Stored items from a collection
+ + + + + + +

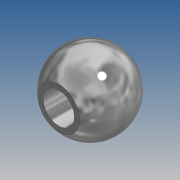
# Autodesk Inventor part: Boule_Rotule_M2
Saved by Autodesk Inventor 2021.3 (Build 253353000, 353)
## iProperties
Created: 2023-08-17
Part Number: Boule_Rotule_M2
Material: C45E (Ck45)
Document SubType Name: Modeling
Designer: cedric.clivaz
Density: 7.85 g/cm^3
Appearance: Polished - Small Pyramid Knurl
Author: cedric.clivaz
Autodesk Inventor part; units mm, degrees
ref_plane "YZ Plane" through (0, 0, 0) normal (1, 0, 0) x (0, 1, 0)
ref_plane "XZ Plane" through (0, 0, 0) normal (0, 1, 0) x (-1, 0, 0)
ref_plane "XY Plane" through (0, 0, 0) normal (0, 0, 1) x (1, 0, 0)
sketch "Sketch2" plane through (0, 0, 0) normal (0, 0, 1) x (1, 0, 0)
  line L0 (-3.36, 0) -> (3.36, 0) construction
  arc A0 (2.4, 0) -> (-2.4, 0) centre (0, 0) ccw
  line L1 (-2.4, 0) -> (2.4, 0)
  dimension "d0" = 4.8
  constraints: 2 end point, 2 point on circle, 2 point on line, 1 centre point, 1 coincident
  measures "d0" diameter of A0
revolve "Revolution1" add sketch "Sketch2" angle 360 about axis through (-10, 0, 0) along (1, 0, 0)
sketch "Sketch3" plane through (0, 0, 0) normal (0, 1, 0) x (-1, 0, 0)
  circle A0 centre (0, 0) radius 1
  dimension "d2" = 2
  constraints: 1 centre point, 1 coincident
  measures "d2" diameter of A0
extrude "Extrusion1" cut sketch "Sketch3" along normal through all both and the other way through all
sketch "Sketch4" plane through (0, 0, 0) normal (1, 0, 0) x (0, 1, 0)
  line L0 (2.1817, 1) -> (2.1817, -1) construction
  line L1 (-2.1817, -1) -> (-2.1817, 1) construction
  line L2 (0, -3.36) -> (0, 3.36) construction
  arc A0 (-2.1817, -1) -> (-2.1817, 1) centre (0, 0) ccw construction
  circle A1 centre (0, 0) radius 2.4
  line L3 (2, 1.3266) -> (2, -1.3266)
  line L4 (-2, 1.3266) -> (-2, -1.3266)
  dimension "d5" = 2
  dimension "d6" = 2
  constraints: 4 end point, 4 point on circle, 2 vertical, 1 centre point, 1 coincident, 1 concentric
  measures "d5" distance between parallel lines of L2 L3
  measures "d6" distance between parallel lines of L4 L2
extrude "Extrusion2" cut sketch "Sketch4" against normal through all both and the other way through all contours A1 L3 | L4 A1
equation "\"d6\" = d5"
body "Solid1"

+ + + + + + +

Work required: The entries should be reproduced word for word, pictures omitted.

Task result:
# Autodesk Inventor part: Boule_Rotule_M2
Saved by Autodesk Inventor 2021.3 (Build 253353000, 353)
## iProperties
Created: 2023-08-17
Part Number: Boule_Rotule_M2
Material: C45E (Ck45)
Document SubType Name: Modeling
Designer: cedric.clivaz
Density: 7.85 g/cm^3
Appearance: Polished - Small Pyramid Knurl
Author: cedric.clivaz
Autodesk Inventor part; units mm, degrees
ref_plane "YZ Plane" through (0, 0, 0) normal (1, 0, 0) x (0, 1, 0)
ref_plane "XZ Plane" through (0, 0, 0) normal (0, 1, 0) x (-1, 0, 0)
ref_plane "XY Plane" through (0, 0, 0) normal (0, 0, 1) x (1, 0, 0)
sketch "Sketch2" plane through (0, 0, 0) normal (0, 0, 1) x (1, 0, 0)
  line L0 (-3.36, 0) -> (3.36, 0) construction
  arc A0 (2.4, 0) -> (-2.4, 0) centre (0, 0) ccw
  line L1 (-2.4, 0) -> (2.4, 0)
  dimension "d0" = 4.8
  constraints: 2 end point, 2 point on circle, 2 point on line, 1 centre point, 1 coincident
  measures "d0" diameter of A0
revolve "Revolution1" add sketch "Sketch2" angle 360 about axis through (-10, 0, 0) along (1, 0, 0)
sketch "Sketch3" plane through (0, 0, 0) normal (0, 1, 0) x (-1, 0, 0)
  circle A0 centre (0, 0) radius 1
  dimension "d2" = 2
  constraints: 1 centre point, 1 coincident
  measures "d2" diameter of A0
extrude "Extrusion1" cut sketch "Sketch3" along normal through all both and the other way through all
sketch "Sketch4" plane through (0, 0, 0) normal (1, 0, 0) x (0, 1, 0)
  line L0 (2.1817, 1) -> (2.1817, -1) construction
  line L1 (-2.1817, -1) -> (-2.1817, 1) construction
  line L2 (0, -3.36) -> (0, 3.36) construction
  arc A0 (-2.1817, -1) -> (-2.1817, 1) centre (0, 0) ccw construction
  circle A1 centre (0, 0) radius 2.4
  line L3 (2, 1.3266) -> (2, -1.3266)
  line L4 (-2, 1.3266) -> (-2, -1.3266)
  dimension "d5" = 2
  dimension "d6" = 2
  constraints: 4 end point, 4 point on circle, 2 vertical, 1 centre point, 1 coincident, 1 concentric
  measures "d5" distance between parallel lines of L2 L3
  measures "d6" distance between parallel lines of L4 L2
extrude "Extrusion2" cut sketch "Sketch4" against normal through all both and the other way through all contours A1 L3 | L4 A1
equation "\"d6\" = d5"
body "Solid1"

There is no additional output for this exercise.